EXCHANGE RESTRICTIONS
As a shareholder, you have the privilege of exchanging shares of a
fund for shares of other Fidelity funds. However, you should note the
following:
(small solid bullet) The fund you are exchanging into must be
available for sale in your state.
(small solid bullet) You may only exchange between accounts that are
registered in the same name, address, and taxpayer identification
number.
(small solid bullet) Before exchanging into a fund, read its
prospectus.
(small solid bullet) If you exchange into a fund with a sales charge,
you pay the percentage-point difference between that fund's sales
charge and any sales charge you have previously paid in connection
with the shares you are exchanging. For example, if you had already
paid a sales charge of 2% on your shares and you exchange them into a
fund with a 3% sales charge, you would pay an additional 1% sales
charge.
(small solid bullet) Exchanges may have tax consequences for you.
(small solid bullet) Because excessive trading can hurt fund
performance and shareholders, each fund reserves the right to
temporarily or permanently terminate the exchange privilege of any
investor who makes more than four exchanges out of the fund per
calendar year. Accounts under common ownership or control, including
accounts with the same taxpayer identification number, will be counted
together for purposes of the four exchange limit.
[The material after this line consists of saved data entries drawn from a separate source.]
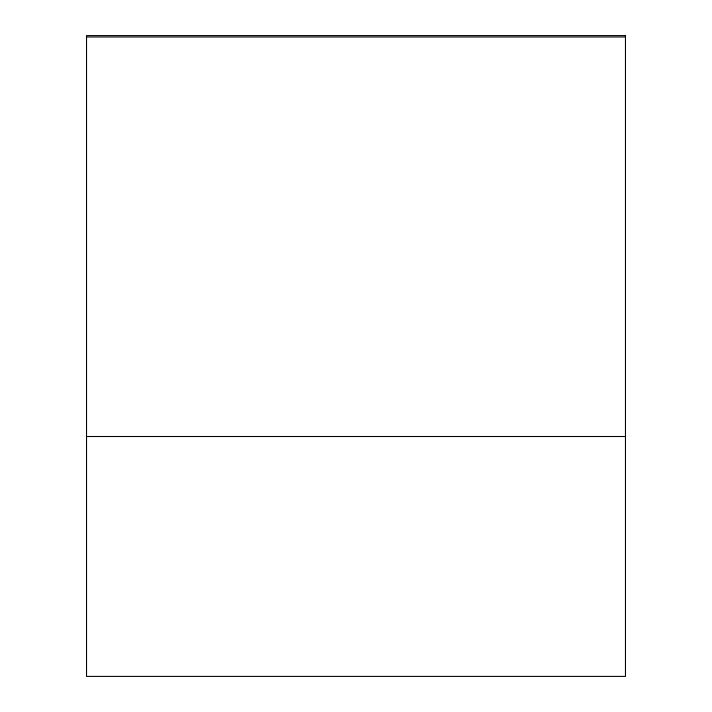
<?xml version="1.0" encoding="UTF-8"?>
<svg xmlns="http://www.w3.org/2000/svg" width="712" height="712" viewBox="0 0 712 712"><rect width="100%" height="100%" fill="white"/><g stroke="black" fill="none" stroke-linecap="round" stroke-linejoin="round"><path stroke-width="1.07" d="M86.535 36.979L625.465 36.979M86.535 436.509L625.465 436.509M625.465 35.6L86.535 35.6L86.535 676.4L625.465 676.4L625.465 35.6"/></g></svg>
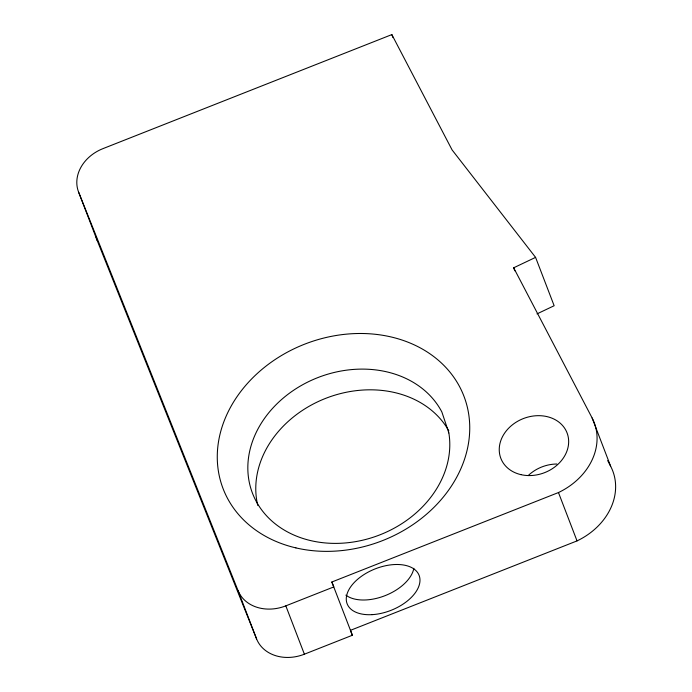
<?xml version="1.0" encoding="UTF-8"?>
<svg xmlns="http://www.w3.org/2000/svg" width="692" height="692" viewBox="0 0 692 692"><rect width="100%" height="100%" fill="white"/><g stroke="black" fill="none" stroke-linecap="round" stroke-linejoin="round"><path stroke-width="1.04" d="M514.831 270.823L513.672 267.795L535.582 257.381L554.145 305.734L536.992 313.883M535.582 257.381L452.092 149.922L391.845 34.6L102.9 148.659A38.7 31.702 -21 0 0 78.68 192.298L97.191 240.522L256.611 638.976A38.7 31.702 -21 0 0 304.385 654.199L352.375 635.256L331.849 582.007L558.47 492.548A64.494 52.834 -21 0 0 592.118 417.968L513.672 267.795M78.68 192.298L238.057 590.631A38.7 31.702 -21 0 0 285.822 605.855L333.812 586.911L331.849 582.007M592.118 417.968L610.673 466.322A64.494 52.834 -21 0 1 577.033 540.902L350.411 630.351L352.375 635.256M607.68 460.578L610.673 466.322M391.845 34.6L393.004 37.619M558.47 492.548L577.033 540.902M285.822 605.855L304.385 654.199M238.057 590.631L256.611 638.976M97.191 240.522A38.7 31.702 -21 0 1 95.963 236.56M528.178 475.594A35.474 29.055 -21 0 1 556.835 464.012M413.833 568.314A38.7 22.196 -21.8 0 1 385.185 595.613A38.7 22.196 -21.8 0 1 345.879 595.137M257.77 505.428A103.194 84.528 -21 0 1 325.828 398.298A103.194 84.528 -21 0 1 448.823 430.882M448.849 432.941L441.868 412A103.194 84.528 -21 0 0 273.937 406.896A103.194 84.528 -21 0 0 319.038 542.199A103.194 84.528 -21 0 0 448.849 432.941M520.868 474.626A35.474 29.055 -21 0 0 568.34 437.612A35.474 29.055 -21 0 0 512.651 424.628A35.474 29.055 -21 0 0 520.868 474.626M372.011 614.652A38.7 22.196 -21.8 0 0 419.118 575.398A38.7 22.196 -21.8 0 0 358.24 578.763A38.7 22.196 -21.8 0 0 372.011 614.652M295.925 547.9A128.989 105.66 -21 0 0 468.562 413.306A128.989 105.66 -21 0 0 266.039 366.085A128.989 105.66 -21 0 0 295.925 547.9"/></g></svg>
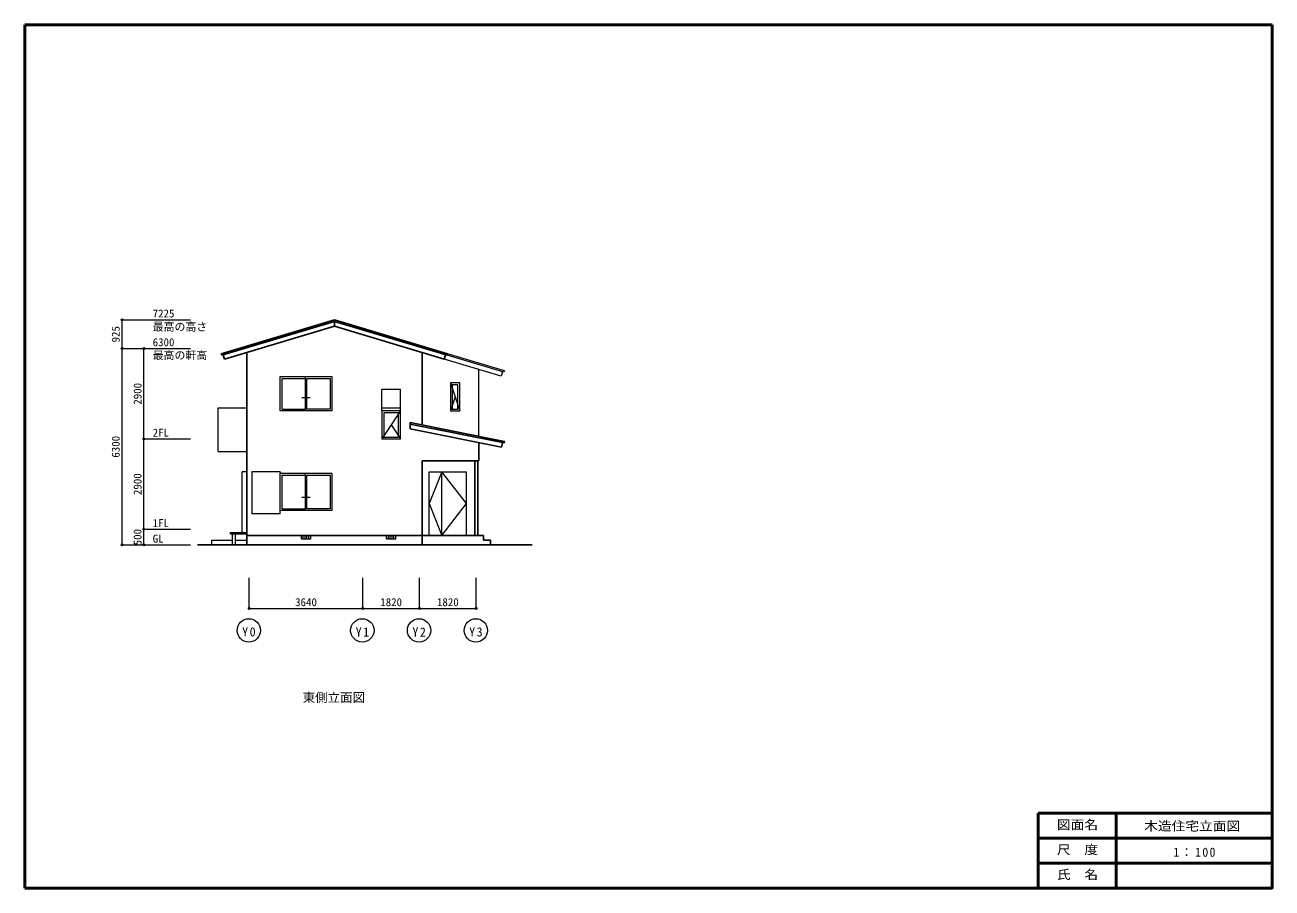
# Model space of a CAD drawing. Units: millimetres at full size, sheet at 1:100. Extents: x -20000 to 20000, y -13850 to 13850.
import ezdxf
from ezdxf.enums import TextEntityAlignment as Align

# ---------------------------------------------------------------- set-up
doc = ezdxf.new("R2010")
doc.units = ezdxf.units.MM
doc.header["$LTSCALE"] = 100
doc.header["$PDMODE"] = 32
doc.header["$PDSIZE"] = 60
for name, color, linetype, lineweight in [('0-1_柱・壁', 7, 'Continuous', 25), ('0-3_仕上げ', 134, 'Continuous', 13), ('0-4_建具', 5, 'Continuous', 18), ('0-8_寸法', 1, 'Continuous', 13), ('0-F_図面枠', 2, 'Continuous', 50)]:
    doc.layers.add(name, color=color, linetype=linetype, lineweight=lineweight)
doc.layers.add('0-7_文字', color=7, linetype='Continuous')
doc.styles.add('ＭＳ ゴシック', font='')
doc.styles.get('ＭＳ ゴシック').set_extended_font_data('MS Gothic')

msp = doc.modelspace()

# ---------------------------------------------------------------- linework, layer by layer
at = {"layer": '0-1_柱・壁'}
for p, q in [((-13703.7, 3297.5), (-10073.7, 4386.5)), ((-13689.3, 3249.6), (-10073.7, 4334.3)), ((-13598.3, 3120.3), (-10073.7, 4177.7)), ((-10073.7, 4386.5), (-10073.7, 4177.7)), ((-6443.7, 3297.5), (-10073.7, 4386.5)), ((-6458.1, 3249.6), (-10073.7, 4334.3)), ((-6549, 3120.3), (-10073.7, 4177.7)), ((-13703.7, 3297.5), (-13689.3, 3249.6)), ((-13641.4, 3264), (-13598.3, 3120.3)), ((-12883.7, -2836.9), (-12883.7, 3334.7)), ((-7263.7, 1013.1), (-7263.7, 3334.7)), ((-6505.9, 3264), (-6549, 3120.3)), ((-6443.7, 3297.5), (-6458.1, 3249.6)), ((-7643.7, 885.1), (-7643.7, 1089.1)), ((-4623.7, 485.1), (-7643.7, 1089.1)), ((-4711.9, 298.8), (-7643.7, 885.1)), ((-5443.7, -136.9), (-5443.7, 445.1)), ((-4682.5, 445.8), (-4711.9, 298.8)), ((-7263.7, -136.9), (-5443.7, -136.9)), ((-7263.7, -2836.9), (-7263.7, -136.9)), ((-5573.7, -2536.9), (-5573.7, -136.9)), ((-5473.7, -2536.9), (-5473.7, -136.9)), ((-12883.7, -2536.9), (-5293.7, -2536.9)), ((-5293.7, -2686.9), (-5293.7, -2536.9)), ((-5293.7, -2686.9), (-5063.7, -2686.9)), ((-5063.7, -2836.9), (-5063.7, -2686.9)), ((-14466.1, -2836.9), (-3735.7, -2836.9))]:
    msp.add_line(p, q, dxfattribs=at)
msp.add_lwpolyline([(-4623.7, 485.1), (-4633.5, 436), (-7643.7, 1038.1)], dxfattribs=at)
at = {"layer": '0-3_仕上げ'}
for p, q in [((-4623.7, 2751.5), (-6443.7, 3297.5)), ((-4729, 2574.3), (-6549, 3120.3)), ((-5443.7, 649.1), (-5443.7, 2788.7)), ((-4685.9, 2718), (-4729, 2574.3)), ((-6053.7, 2363.1), (-6353.7, 2363.1)), ((-6353.7, 2363.1), (-6053.7, 1463.1)), ((-6353.7, 2363.1), (-6353.7, 1463.1)), ((-6113.7, 2303.1), (-6293.7, 2303.1)), ((-6293.7, 2303.1), (-6293.7, 1523.1)), ((-6113.7, 1523.1), (-6113.7, 2303.1)), ((-6053.7, 1463.1), (-6053.7, 2363.1)), ((-6203.7, 1913.1), (-6353.7, 1463.1)), ((-6353.7, 1463.1), (-6053.7, 1463.1)), ((-6293.7, 1523.1), (-6113.7, 1523.1)), ((-14003.7, -2686.9), (-13348.7, -2686.9)), ((-14003.7, -2836.9), (-14003.7, -2686.9)), ((-13258.7, -2686.9), (-12883.7, -2686.9)), ((-11133.7, -2636.9), (-11133.7, -2536.9)), ((-11073.7, -2636.9), (-11073.7, -2536.9)), ((-11013.7, -2636.9), (-11013.7, -2536.9)), ((-10953.7, -2636.9), (-10953.7, -2536.9)), ((-10893.7, -2636.9), (-10893.7, -2536.9)), ((-8403.7, -2636.9), (-8403.7, -2536.9)), ((-8403.7, -2636.9), (-8103.7, -2636.9)), ((-8343.7, -2636.9), (-8343.7, -2536.9)), ((-8283.7, -2636.9), (-8283.7, -2536.9)), ((-8223.7, -2636.9), (-8223.7, -2536.9)), ((-8163.7, -2636.9), (-8163.7, -2536.9)), ((-8103.7, -2636.9), (-8103.7, -2536.9))]:
    msp.add_line(p, q, dxfattribs=at)
at = {"layer": '0-3_仕上げ', "color": 5, "lineweight": 18}
for p, q in [((-13803.7, 1563.1), (-12883.7, 1563.1)), ((-13803.7, 163.1), (-13803.7, 1563.1)), ((-13803.7, 163.1), (-12883.7, 163.1)), ((-13403.7, -2436.9), (-12883.7, -2436.9)), ((-13403.7, -2476.9), (-13403.7, -2436.9)), ((-13403.7, -2476.9), (-12883.7, -2476.9)), ((-13348.7, -2476.9), (-13348.7, -2836.9)), ((-13258.7, -2476.9), (-13258.7, -2836.9))]:
    msp.add_line(p, q, dxfattribs=at)
at = {"layer": '0-3_仕上げ'}
for points in [[(-4623.7, 2751.5), (-4638.1, 2703.6), (-6458.1, 3249.6)], [(-11133.7, -2636.9), (-10833.7, -2636.9), (-10833.7, -2536.9)]]:
    msp.add_lwpolyline(points, dxfattribs=at)
at = {"layer": '0-4_建具'}
for p, q in [((-11013.7, 2563.1), (-11013.7, 1463.1)), ((-8553.7, 2163.1), (-7953.7, 2163.1)), ((-8553.7, 1463.1), (-8553.7, 2163.1)), ((-7953.7, 1463.1), (-7953.7, 2163.1)), ((-11113.7, 1894.3), (-10853.7, 1894.3)), ((-11753.7, 1523.1), (-11013.7, 1523.1)), ((-8553.7, 1563.1), (-7953.7, 1563.1)), ((-7953.7, 1463.1), (-8553.7, 563.1)), ((-8253.7, 1013.1), (-7953.7, 563.1)), ((-13033.7, -2436.9), (-13033.7, -486.9)), ((-12883.7, -486.9), (-13033.7, -486.9)), ((-11813.7, -1736.9), (-11813.7, -536.9)), ((-11753.7, -1676.9), (-11753.7, -596.9)), ((-11753.7, -596.9), (-11013.7, -596.9)), ((-11013.7, -536.9), (-11013.7, -1736.9)), ((-6633.7, -2536.9), (-6633.7, -486.9)), ((-5833.7, -2536.9), (-5833.7, -486.9)), ((-11113.7, -1305.7), (-10853.7, -1305.7)), ((-11813.7, -1836.9), (-12723.7, -1836.9)), ((-11813.7, -1836.9), (-11813.7, -1736.9)), ((-10153.7, -1736.9), (-11813.7, -1736.9)), ((-11753.7, -1676.9), (-11013.7, -1676.9)), ((-10213.7, -1676.9), (-10953.7, -1676.9))]:
    msp.add_line(p, q, dxfattribs=at)
for points in [[(-11813.7, 2563.1), (-10153.7, 2563.1), (-10153.7, 1463.1), (-11813.7, 1463.1)], [(-10953.7, 1523.1), (-10953.7, 2503.1), (-10213.7, 2503.1), (-10213.7, 1523.1)], [(-8553.7, 1463.1), (-8553.7, 563.1), (-7953.7, 563.1), (-7953.7, 1463.1)], [(-8493.7, 1403.1), (-8493.7, 623.1), (-8013.7, 623.1), (-8013.7, 1403.1)], [(-6633.7, -2536.9), (-5833.7, -1511.9), (-6633.7, -486.9), (-7033.7, -1511.9)]]:
    msp.add_lwpolyline(points, close=True, dxfattribs=at)
for points in [[(-11753.7, 1523.1), (-11753.7, 2503.1), (-11013.7, 2503.1)], [(-11813.7, -486.9), (-12723.7, -486.9), (-12723.7, -1836.9)], [(-11813.7, -486.9), (-11813.7, -536.9), (-10153.7, -536.9), (-10153.7, -1736.9)], [(-10953.7, -1676.9), (-10953.7, -596.9), (-10213.7, -596.9), (-10213.7, -1676.9)], [(-7033.7, -2536.9), (-7033.7, -486.9), (-5833.7, -486.9)]]:
    msp.add_lwpolyline(points, dxfattribs=at)
at = {"layer": '0-8_寸法'}
for p, q in [((-16883.3, 4386.5), (-14695.1, 4386.5)), ((-16883.3, 3463.1), (-16883.3, 4386.5)), ((-16883.3, 3463.1), (-14695.1, 3463.1)), ((-16883.3, -2836.9), (-16883.3, 3463.1)), ((-16183.3, 563.1), (-16183.3, 3463.1)), ((-16183.3, 563.1), (-14695.1, 563.1)), ((-16183.3, -2336.9), (-16183.3, 563.1)), ((-16183.3, -2336.9), (-14695.1, -2336.9)), ((-16183.3, -2836.9), (-16183.3, -2336.9)), ((-16883.3, -2836.9), (-14695.1, -2836.9)), ((-16183.3, -2836.9), (-14695.1, -2836.9)), ((-12803.7, -4879.9), (-12803.7, -3897.2)), ((-9163.7, -4879.9), (-9163.7, -3897.2)), ((-7343.7, -4879.9), (-7343.7, -3897.2)), ((-5523.7, -4879.9), (-5523.7, -3897.2)), ((-12803.7, -4879.9), (-9163.7, -4879.9)), ((-9163.7, -4879.9), (-7343.7, -4879.9)), ((-7343.7, -4879.9), (-5523.7, -4879.9))]:
    msp.add_line(p, q, dxfattribs=at)
for centre in [(-12819.3, -5579.9), (-9179.3, -5579.9), (-7359.3, -5579.9), (-5539.3, -5579.9)]:
    msp.add_circle(centre, 375, dxfattribs=at)
for p in [(-16883.3, 4386.5), (-16883.3, 3463.1), (-16183.3, 3463.1), (-16183.3, 563.1), (-16183.3, -2336.9), (-16883.3, -2836.9), (-16183.3, -2836.9), (-12803.7, -4879.9), (-9163.7, -4879.9), (-7343.7, -4879.9), (-5523.7, -4879.9)]:
    msp.add_point(p, dxfattribs=at)
at = {"layer": '0-F_図面枠'}
for p, q in [((-20000, 13850), (20000, 13850)), ((-20000, -13850), (-20000, 13850)), ((20000, -11450), (12500, -11450)), ((12500, -11450), (12500, -13850)), ((15000, -11450), (15000, -13850)), ((20000, -12250), (12500, -12250)), ((20000, -13050), (12500, -13050))]:
    msp.add_line(p, q, dxfattribs=at)
msp.add_lwpolyline([(20000, 13850), (20000, -13850), (-20000, -13850)], dxfattribs=at)

# ---------------------------------------------------------------- texts
at = {"layer": '0-7_文字', "style": 'ＭＳ ゴシック'}
msp.add_text('東側立面図', height=293.3, dxfattribs=at).set_placement((-11092.3, -7967.6), align=Align.BOTTOM_LEFT)
at = {"layer": '0-8_寸法', "color": 7, "style": 'ＭＳ ゴシック'}
for s, p in [('7225', (-15903.3, 4384.7)), ('最高の高さ', (-15903.3, 3957)), ('6300', (-15903.3, 3462.4)), ('最高の軒高', (-15903.3, 3043.8)), ('2FL', (-15903.3, 559.1)), ('1FL', (-15903.3, -2341.3)), ('GL', (-15903.3, -2841.3)), ('3640', (-11333.7, -4879.9)), ('1820', (-8603.7, -4879.9)), ('1820', (-6783.7, -4879.9))]:
    msp.add_text(s, height=256.6, dxfattribs=at).set_placement(p, align=Align.BOTTOM_LEFT)
for s, p in [('925', (-16883.3, 3662.3)), ('2900', (-16183.3, 1663.1)), ('6300', (-16883.3, -36.9)), ('2900', (-16183.3, -1236.9)), ('500', (-16183.3, -2849.4))]:
    msp.add_text(s, height=256.6, rotation=90, dxfattribs=at).set_placement(p, align=Align.BOTTOM_LEFT)
at = {"layer": '0-8_寸法', "color": 7, "char_height": 293.3, "attachment_point": 7, "style": 'ＭＳ ゴシック'}
for s, insert in [('\\T1.27;\\W0.95;Y0', (-13031.8, -5779.9)), ('\\T1.27;\\W0.95;Y1', (-9391.8, -5779.9)), ('\\T1.27;\\W0.95;Y2', (-7571.8, -5779.9)), ('\\T1.27;\\W0.95;Y3', (-5751.8, -5779.9))]:
    msp.add_mtext(s, dxfattribs=dict(at, insert=insert))
at = {"layer": '0-F_図面枠', "color": 7, "style": 'ＭＳ ゴシック', "width": 1.1}
for s, p in [('図面名', (13100, -12050)), ('木造住宅立面図', (15897.5, -12092.5)), ('尺\u3000度', (13100, -12850)), ('氏\u3000名', (13100, -13650))]:
    msp.add_text(s, height=293.3, dxfattribs=at).set_placement(p, align=Align.BOTTOM_LEFT)
at = {"layer": '0-F_図面枠', "color": 7, "insert": (16837.5, -12850), "char_height": 293.3, "attachment_point": 7, "style": 'ＭＳ ゴシック'}
msp.add_mtext('\\T1.22;\\W0.95;1：100', dxfattribs=at)

doc.saveas('drawing.dxf')

(small solid bullet) Each fund reserves the right to refuse exchange
purchases by any person or group if, in FMR's judgment, the fund would
be unable to invest the money effectively in accordance with its
investment objective and policies, or would otherwise potentially be
adversely affected.
(small solid bullet) Your exchanges may be restricted or refused if a
fund receives or anticipates simultaneous orders affecting significant
portions of the fund's assets. In particular, a pattern of exchanges
that coincides with a "market timing" strategy may be disruptive to a
fund.
Although the funds will attempt to give you prior notice whenever they
are reasonably able to do so, they may impose these restrictions at
any time. The funds reserve the right to terminate or modify the
exchange privilege in the future. 
OTHER FUNDS MAY HAVE DIFFERENT EXCHANGE RESTRICTIONS, and may impose
administrative fees of up to 1.00% and trading fees of up to 1.50% of
the amount exchanged. Check each fund's prospectus for details.
This prospectus is printed on recycled paper using soy-based inks.